Editor’s Note: Read the full statement from AMA President Gerald E. Harmon, M.D. on Texas SB8.

The New York Times (9/2, Richtel) reports that during the pandemic, “drug-resistant infections have increased in hospitals.” The trend, reported on Thursday by the CDC and also published in the journal Infection Control & Hospital Epidemiology, “came about in part because drug-resistant bacteria thrived on reused protective equipment, intravenous lines and medical equipment like ventilators.” During the last three months of 2020, “drug-resistant bloodstream infections at hospitals rose 47%...compared to the same period a year earlier.” Similar findings “showed up with regard to infections traced to ventilators, which rose 45% in the fourth quarter of 2020 over the previous year.”

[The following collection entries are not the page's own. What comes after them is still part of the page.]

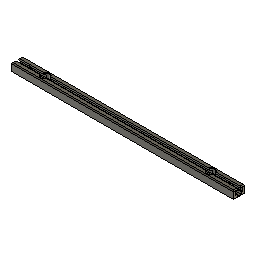
Mounting Bar v8 (Autodesk Fusion 360 design; units mm, degrees)
Autodesk Fusion 360 part; units mm, degrees
note: some values were not read from the file. Set by a fixed rule: which sketch regions a step uses.
sketch "Sketch1" plane through (0, 0, 0) normal (0, 0, 1) x (1, 0, 0)
  line L0 (0, 0) -> (195, 0)
  line L1 (195, 0) -> (195, 10)
  line L2 (195, 10) -> (0, 10)
  line L3 (0, 10) -> (0, 0)
  dimension "d1" = 195
  dimension "d2" = 10
  constraint horizontal L0
  constraint vertical L1
  constraint horizontal L2
  constraint vertical L3
  constraint coincident L0.start L3.end
  measures "d1" distance of L0.start L0.end
  measures "d2" distance of L0.start L2.end
extrude "Extrude1" add sketch "Sketch1" along normal blind 7
sketch "Sketch2" plane through (195, 0, 0) normal (1, 0, 0) x (0, 1, 0)
  line L0 (0, 0) -> (10, 0)
  line L1 (10, 0) -> (10, 7)
  line L2 (10, 7) -> (0, 7)
  line L3 (0, 7) -> (0, 0)
  line L4 (2.1, 5.5) -> (7.9, 5.5)
  line L5 (7.9, 5.5) -> (7.9, 2.9)
  line L6 (7.9, 2.9) -> (2.1, 2.9)
  line L7 (2.1, 2.9) -> (2.1, 5.5)
  line L8 (5, 7) -> (5, 0) construction
  line L9 (5, 5.5) -> (5, 2.9) construction
  line L10 (3.25, 2.9) -> (6.75, 2.9)
  line L11 (6.75, 2.9) -> (6.75, 1.1)
  line L12 (6.75, 1.1) -> (3.25, 1.1)
  line L13 (3.25, 1.1) -> (3.25, 2.9)
  line L14 (3.4, 7) -> (6.6, 7)
  line L15 (6.6, 7) -> (6.6, 5.5)
  line L16 (6.6, 5.5) -> (3.4, 5.5)
  line L17 (3.4, 5.5) -> (3.4, 7)
  dimension "d5" = 5.8
  dimension "d6" = 1.5
  dimension "d7" = 2.6
  dimension "d8" = 3.5
  dimension "d9" = 1.1
  dimension "d10" = 3.2
  constraint horizontal L4
  constraint vertical L5
  constraint horizontal L6
  constraint vertical L7
  constraint midpoint L2 L8.start
  constraint midpoint L0 L8.end
  constraint midpoint L4 L9.start
  constraint midpoint L6 L9.end
  constraint collinear L8 L9
  constraint horizontal L10
  constraint vertical L11
  constraint horizontal L12
  constraint vertical L13
  constraint coincident L6 L10.start
  constraint symmetric L8 L11 L13
  constraint horizontal L14
  constraint vertical L15
  constraint horizontal L16
  constraint vertical L17
  constraint coincident L2 L14.start
  constraint symmetric L8 L15 L17
  constraint collinear L4 L16
  measures "d5" distance of L4.start L4.end
  measures "d6" distance of L2 L4
  measures "d7" distance of L4.end L5.end
  measures "d8" distance of L11.end L12.end
  measures "d9" distance of L0 L12
  measures "d10" distance of L14.start L14.end
extrude "Extrude2" cut sketch "Sketch2" against normal up to surface (195 mm away) contours L2 L4 L14 L15 L16 L17 | L4 L5 L6 L7 L10 L16 | L6 L10 L11 L12 L13
chamfer "Chamfer1" distance 0.4 angle 45 2 edges at (97.5, 7.9, 5.5) (97.5, 2.1, 5.5)
sketch "Sketch3" plane through (0, 0, 2.9) normal (0, 0, 1) x (-1, 0, 0)
  line L0 (0, -7.9) -> (0, -6.75)
  line L1 (0, -6.75) -> (-195, -6.75)
  line L2 (-195, -6.75) -> (-195, -7.9)
  line L3 (-195, -7.9) -> (0, -7.9)
  line L4 (0, -3.25) -> (0, -2.1)
  line L5 (0, -2.1) -> (-195, -2.1)
  line L6 (-195, -2.1) -> (-195, -3.25)
  line L7 (-195, -3.25) -> (0, -3.25)
  line L8 (-185.2, -7.9) -> (-186, -7.9)
  line L9 (-186, -7.9) -> (-186, -2)
  line L10 (-186, -2) -> (-185.2, -2)
  line L11 (-185.2, -2) -> (-185.2, -7.9)
  line L12 (-192.5, -7.9) -> (-193.5, -7.9)
  line L13 (-193.5, -7.9) -> (-193.5, -2.1)
  line L14 (-193.5, -2.1) -> (-192.5, -2.1)
  line L15 (-192.5, -2.1) -> (-192.5, -7.9)
  line L16 (-97.5, -7.9) -> (-97.5, -2.1) construction
  line L17 (-9, -7.9) -> (-9, -2)
  line L18 (-9.8, -2) -> (-9.8, -7.9)
  line L19 (-1.5, -7.9) -> (-1.5, -2.1)
  line L20 (-2.5, -2.1) -> (-2.5, -7.9)
  dimension "d13" = 0.8
  dimension "d14" = 9
  dimension "d15" = 1
  dimension "d16" = 6.5
  constraint horizontal L8
  constraint vertical L9
  constraint horizontal L10
  constraint vertical L11
  constraint coincident L3 L8.start
  constraint horizontal L12
  constraint vertical L13
  constraint horizontal L14
  constraint vertical L15
  constraint coincident L5 L13.end
  constraint coincident L3 L12.start
  constraint midpoint L3 L16.start
  constraint midpoint L5 L16.end
  constraint symmetric L8.start L16 L18.end
  constraint symmetric L8.end L16 L17.start
  constraint symmetric L9.end L16 L17.end
  constraint symmetric L10.end L16 L18.start
  constraint symmetric L12.start L16 L20.end
  constraint symmetric L12.end L16 L19.start
  constraint symmetric L13.end L16 L19.end
  constraint symmetric L14.end L16 L20.start
  measures "d13" distance of L8.start L8.end
  measures "d14" distance of L2 L9
  measures "d15" distance of L12.start L12.end
  measures "d16" distance of L9 L15
extrude "Extrude4" add sketch "Sketch3" along normal blind 0.4 contours L1 L3 L19 L20 | L5 L7 L19 L20 | L1 L3 L12 L13 L15 | L5 L7 L13 L14 L15
extrude "Extrude3" add sketch "Sketch3" along normal up to surface (2.6 mm away) contours L1 L3 L17 L18 | L5 L7 L17 L18 | L1 L3 L8 L9 L11 | L5 L9 L10 L11
fillet "Fillet1" radius 0.4 8 edges at (1.5, 7.325, 3.3) (2.5, 7.325, 3.3) (1.5, 2.675, 3.3) (2.5, 2.675, 3.3) (192.5, 2.675, 3.3) (193.5, 2.675, 3.3) (192.5, 7.325, 3.3) (193.5, 7.325, 3.3)
sketch "Sketch4" plane through (0, 0, 2.9) normal (0, 0, 1) x (-1, 0, 0)
  line L0 (-192.5, -3.25) -> (-9.8, -3.25)
  line L1 (-9.8, -3.25) -> (-9.8, -2.1)
  line L2 (-9.8, -2.1) -> (-192.5, -2.1)
  circle A0 centre (-170, -5) radius 3.25
  line L3 (-195, -10) -> (0, -10) construction
  line L4 (0, 0) -> (-195, 0) construction
  line L5 (-97.5, -10) -> (-97.5, 0) construction
  line L6 (-195, 0) -> (-195, -10) construction
  line L7 (-97.5, -5) -> (-195, -5) construction
  circle A1 centre (-25, -5) radius 3.25
  line L8 (0, -3.25) -> (0, -2.1)
  line L9 (-9, -2.1) -> (-9, -3.25)
  line L10 (-9, -3.25) -> (-2.5, -3.25)
  line L11 (-2.5, -2.1) -> (-9, -2.1)
  line L12 (-2.5, -3.25) -> (-2.5, -2.1)
  line L13 (-192.5, -2.1) -> (-192.5, -3.25)
  line L14 (-1.5, -2.1) -> (-1.5, -3.25)
  line L15 (-1.5, -3.25) -> (0, -3.25)
  line L16 (0, -2.1) -> (-1.5, -2.1)
  dimension "d24" = 6.5
  dimension "d25" = 25
  constraint midpoint L3 L5.start
  constraint midpoint L4 L5.end
  constraint midpoint L5 L7.start
  constraint midpoint L6 L7.end
  constraint coincident A0.centre L7
  constraint symmetric A0 L5 A1
  measures "d24" diameter of A0
  measures "d25" distance of A0.centre L6
extrude "Extrude5" cut sketch "Sketch4" along normal up to surface (4.1 mm away) contours L0 L2 A0 | L0 A0 | L2 A0 | L0 L2 A1 | L0 A1 | L2 A1
chamfer "Chamfer2" distance 0.4 angle 45 4 edges at (97.5, 10, 0) (195, 5, 0) (97.5, 0, 0) (0, 5, 0)
chamfer "Chamfer3" distance 0.8 angle 45 6 edges at (97.5, 0, 7) (97.5, 10, 7) (0, 8.3, 7) (0, 1.7, 7) (195, 8.3, 7) (195, 1.7, 7)
chamfer "Chamfer4" distance 0.3 angle 45 20 edges at (0, 7.325, 2.9) (0, 7.9, 4) (0, 7.7, 5.3) (0, 7.05, 5.5) (0, 2.95, 5.5) (0, 2.3, 5.3) (0, 2.1, 4) (0, 2.675, 2.9) (25, 8.25, 7) (25, 1.75, 7) (170, 1.75, 7) (170, 8.25, 7) (195, 2.675, 2.9) (195, 2.1, 4) (195, 2.3, 5.3) (195, 2.95, 5.5) (195, 7.05, 5.5) (195, 7.7, 5.3) (195, 7.9, 4) (195, 7.325, 2.9)
ref_plane "WorkPlane1" through (35.5, 5, 3.5) normal (-1, 0, 0) x (0, -1, 0)
split "Split1" [suppressed]
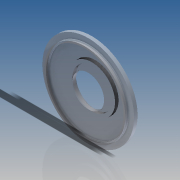
# Autodesk Inventor part: 99542-MilkyWhite
Saved by Autodesk Inventor 2016 SP2 (Build 200236200, 236)
## iProperties
Created: 2015-09-01
Part Number: 99542-MilkyWhite
Material: ABS Plastic
Document SubType Name: Modeling
Designer: D. Kohfeld
Mass: 0.295494 g
Surface Area: 8.07666 cm^2
Volume: 0.278768 cm^3
Density: 1.06 g/cm^3
Appearance: MilkyWhite
Author: D. Kohfeld
Autodesk Inventor part; units mm, degrees
ref_plane "YZ Plane" through (0, 0, 0) normal (1, 0, 0) x (0, 1, 0)
ref_plane "XZ Plane" through (0, 0, 0) normal (0, 1, 0) x (-1, 0, 0)
ref_plane "XY Plane" through (0, 0, 0) normal (0, 0, 1) x (1, 0, 0)
sketch "Sketch2" plane through (0, 0, 0) normal (0, 1, 0) x (-1, 0, 0)
  line L0 (0, 0.8) -> (0, -0.8)
  line L1 (3.6, 0.8) -> (3.6, 0)
  line L2 (3.6, 0) -> (4.4, 0)
  line L3 (4.4, 0) -> (4.4, -0.8)
  line L4 (4.4, -0.8) -> (5.28, -0.8)
  line L5 (5.28, -0.8) -> (5.28, 0)
  line L6 (5.28, 0) -> (10.4, 0)
  line L7 (10.4, 0) -> (10.4, 0.8)
  line L8 (10.4, 0.8) -> (9.2, 0.8)
  line L9 (9.2, 0.8) -> (9.2, 1.6)
  line L10 (9.2, 1.6) -> (8.8, 1.6)
  line L11 (8.8, 1.6) -> (8.8, 0.8)
  line L12 (8.8, 0.8) -> (3.6, 0.8)
  point P0 (0, 0)
  point P1 (0, 0)
  dimension "d0" = 8.8
  dimension "d1" = 10.56
  dimension "d2" = 0.8
  dimension "d3" = 20.8
  dimension "d5" = 0.8
  dimension "d6" = 7.2
  dimension "d7" = 18.4
  dimension "d8" = 17.6
  dimension "d9" = 0.8
  constraints: 26 end point, 7 vertical, 6 horizontal, 4 horizontal alignment, 1 coincident, 1 midpoint
  measures "d0" diameter of L3 L0
  measures "d1" diameter of L5 L0
  measures "d2" distance between parallel lines of L4 L6
  measures "d3" diameter of L7 L0
  measures "d5" distance from line of L1.start L2
  measures "d6" diameter of L1 L0
  measures "d7" diameter of L9 L0
  measures "d8" diameter of L11 L0
  measures "d9" distance between parallel lines of L10 L8
revolve "Revolution1" add sketch "Sketch2" angle 360 about axis through (0, 0, 0.8) along (0, 0, -1)
equation "\"d6\" = tlad"
equation "\"tlad\" = 7.2"
body "Solid1"
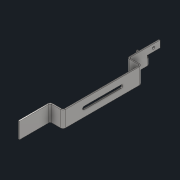
# Autodesk Inventor part: PistaMecBloq2
Saved by Autodesk Inventor 2021 (Build 250183000, 183)
## iProperties
Created: 2021-06-10
Part Number: PistaMecBloq2
Material: Stainless Steel
Document SubType Name: Sheet Metal
Designer: GABRIEL LOL
Density: 8 g/cm^3
Sheet Metal Rule: Por defecto_mm
Appearance: Semi-Polished
Flat Pattern Width: 2.5 cm
Flat Pattern Length: 25.4096 cm
Flat Pattern Area: 63.5239 cm^2
Sheet Metal Width: 25.000 mm
Sheet Metal Length: 254.096 mm
Sheet Metal Area: 6352.389 mm^2
Author: GABRIEL LOL
Autodesk Inventor part; units mm, degrees
ref_plane "YZ Plane" through (0, 0, 0) normal (1, 0, 0) x (0, 1, 0)
ref_plane "XZ Plane" through (0, 0, 0) normal (0, 1, 0) x (-1, 0, 0)
ref_plane "XY Plane" through (0, 0, 0) normal (0, 0, 1) x (1, 0, 0)
sketch "Sketch1" plane through (0, 0, 0) normal (0, 1, 0) x (-1, 0, 0)
  line L0 (0, 0) -> (-200, 0) construction
  line L1 (-200, 0) -> (-150, 0)
  line L2 (-150, 0) -> (-150, -20)
  line L3 (-150, -20) -> (-30, -20)
  line L4 (-30, -20) -> (-30, 0)
  line L5 (-30, 0) -> (0, 0)
  dimension "d0" = 200
  dimension "d1" = 50
  dimension "d2" = 20
  dimension "d3" = 120
  dimension "d4" = 20
  measures "d0" distance of L0.start L0.end
  measures "d1" distance of L0.end L1.end
  measures "d2" distance of L1.end L2.end
  measures "d3" distance of L2.end L3.end
  measures "d4" distance of L3.end L4.end
contour flange "Contour Flange1" sketch "Sketch1" thickness 2 bend radius 2 width 25 along (0, 1, 0) mid plane no both sides no wall seen from (175, 0, 0) lies toward (0, 0, -1) curves L1 L2 L3 L4 L5
bend "Bend1"
corner "Corner1"
sketch "Sketch2" plane through (148, 25, -22) normal (0, 0, -1) x (-1, 0, 0)
  line L0 (116, 0) -> (116, -25) projected
  line L1 (0, 0) -> (116, 0) projected
  line L2 (0, 0) -> (0, -25) projected
  line L3 (0, -25) -> (116, -25) projected
  line L4 (58, -12.5) -> (29, -12.5) construction
  line L5 (0, -25) -> (0, 0) projected
  line L6 (29, -12.5) -> (87, -12.5) construction
  line L7 (87, -12.5) -> (29, -12.5) construction
  line L8 (87, -10) -> (29, -10)
  line L9 (29, -15) -> (87, -15)
  arc A0 (87, -15) -> (87, -10) centre (87, -12.5) ccw
  arc A1 (29, -10) -> (29, -15) centre (29, -12.5) ccw
  point P0 (148, -25)
  point P1 (58, -12.5)
  dimension "d16" = 29
  dimension "d17" = 58
  dimension "d18" = 5
  constraints: 12 end point, 4 point on circle, 4 tangent, 2 centre point, 1 collinear, 1 midpoint, 1 parallel, 1 perpendicular, 1 point on line
  measures "d16" distance of L4.start L4.end
  measures "d17" distance of L4.end L6.end
  measures "d18" diameter of A1
extrude "Extrusion1" cut sketch "Sketch2" against normal blind 10 contours A0 L9 A1 L8
sketch "Sketch4" plane through (0, 0, 0) normal (0, 0, 1) x (1, 0, 0)
  line L0 (0, 0) -> (0, 25) construction
  line L1 (0, 12.5) -> (-20, 12.5) construction
  line L2 (-20, 0) -> (-20, 25) construction
  line L3 (-20, 12.5) -> (-20, 14.5) construction
  line L4 (-20, 12.5) -> (-20, 10.5) construction
  line L5 (0, 0) -> (-20, 0)
  line L6 (-20, 0) -> (-20, 10.5)
  line L7 (-20, 10.5) -> (0, 10.5)
  line L8 (0, 10.5) -> (0, 14.5)
  line L9 (0, 14.5) -> (-20, 14.5)
  line L10 (-20, 14.5) -> (-20, 25)
  line L11 (0, 25) -> (-20, 25)
  line L12 (0, 14.5) -> (0, 25)
  line L13 (0, 0) -> (0, 10.5)
  dimension "d21" = 20
  dimension "d22" = 2
  dimension "d23" = 2
  measures "d21" distance of L1.start L1.end
  measures "d22" distance of L1.end L3.end
  measures "d23" distance of L1.end L4.end
sheet face with bend "Face1" sketch "Sketch4" thickness 2 toward (0, 0, -1) bend radius 2
bend "Bend2"
sketch "Sketch5" plane through (26, 0, 0) normal (0, 0, 1) x (1, 0, 0)
  line L0 (-26, 10.5) -> (-26, 14.5) projected
  line L1 (-26, 10.5) -> (-26, 0)
  constraints: 2 end point, 1 vertical
fold "Fold1" angle 90 bend radius 2 thickness 2 k factor 0.44 line from (0, 10.5, 0) to (0, 0, 0) line at bend end moving side (1, 0, 0) folds toward (0, 0, 1)
sketch "Sketch6" plane through (-2.5239, 14.5, -18) normal (-1, 0, 0) x (0, 0, 1)
  line L0 (20, -14.5) -> (20, -4) projected
  line L1 (46, -14.5) -> (20, -14.5) projected
  line L2 (46, -14.5) -> (46, 10.5) projected
  line L3 (0, 10.5) -> (46, 10.5) projected
  line L4 (0, 10.5) -> (0, 0) projected
  line L5 (0, 0) -> (20, 0) projected
  line L6 (20, -4) -> (20, 0) projected
  circle A0 centre (10, 5.25) radius 2.5
  point P0 (18, -14.5)
  dimension "d35" = 5
  constraints: 1 centre point
  measures "d35" diameter of A0
hole "Hole1" at (-2.5239, 19.75, -8) direction (1, 0, 0) diameter 4 depth 2
equation "\"d5\" = Thickness"
equation "\"d29\" = BendReliefWidth"
equation "\"d31\" = MinimumRemnant"
equation "\"d32\" = TransitionRadius"
equation "\"d34\" = BendRadius"
equation "\"d41\" = Thickness"
equation "\"d6\" = BendReliefWidth"
equation "\"d7\" = BendReliefDepth"
equation "\"d8\" = MinimumRemnant"
equation "\"d9\" = TransitionRadius"
equation "\"d11\" = BendRadius"
equation "\"d13\" = CornerReliefSize"
equation "\"d14\" = GapSize"
equation "\"d15\" = JacobiRadiusSize"
equation "\"d24\" = BendRadius"
equation "\"d25\" = BendReliefWidth"
equation "\"d27\" = MinimumRemnant"
equation "\"d26\" = BendReliefDepth"
equation "\"d28\" = TransitionRadius"
equation "\"BendRadius\" = Thickness"
equation "\"BendReliefWidth\" = Thickness"
equation "\"BendReliefDepth\" = 0.5 * Thickness"
equation "\"CornerReliefSize\" = 4 * Thickness"
equation "\"MinimumRemnant\" = 2 * Thickness"
equation "\"TransitionRadius\" = BendRadius"
equation "\"JacobiRadiusSize\" = BendRadius"
equation "\"GapSize\" = Thickness"
equation "\"Thickness\" = 2"
body "Solid1"

According to Bloomberg (9/2, Tozzi), “four types of health-care infections commonly tracked as core measures of hospital quality increased significantly in 2020, compared with what would have been expected based on prior years’ rates,” according to the CDC data. However, “two other types of infections, associated with surgical sites and an illness known as C. diff, didn’t increase.”

Modern Healthcare (9/2, Devereaux, Subscription Publication) reports, “The study attributes the steady rate of surgical-site infections to hospitals performing fewer elective surgeries and mostly conducting them in operating rooms with infection control processes that were separate from COVID-19 wards.”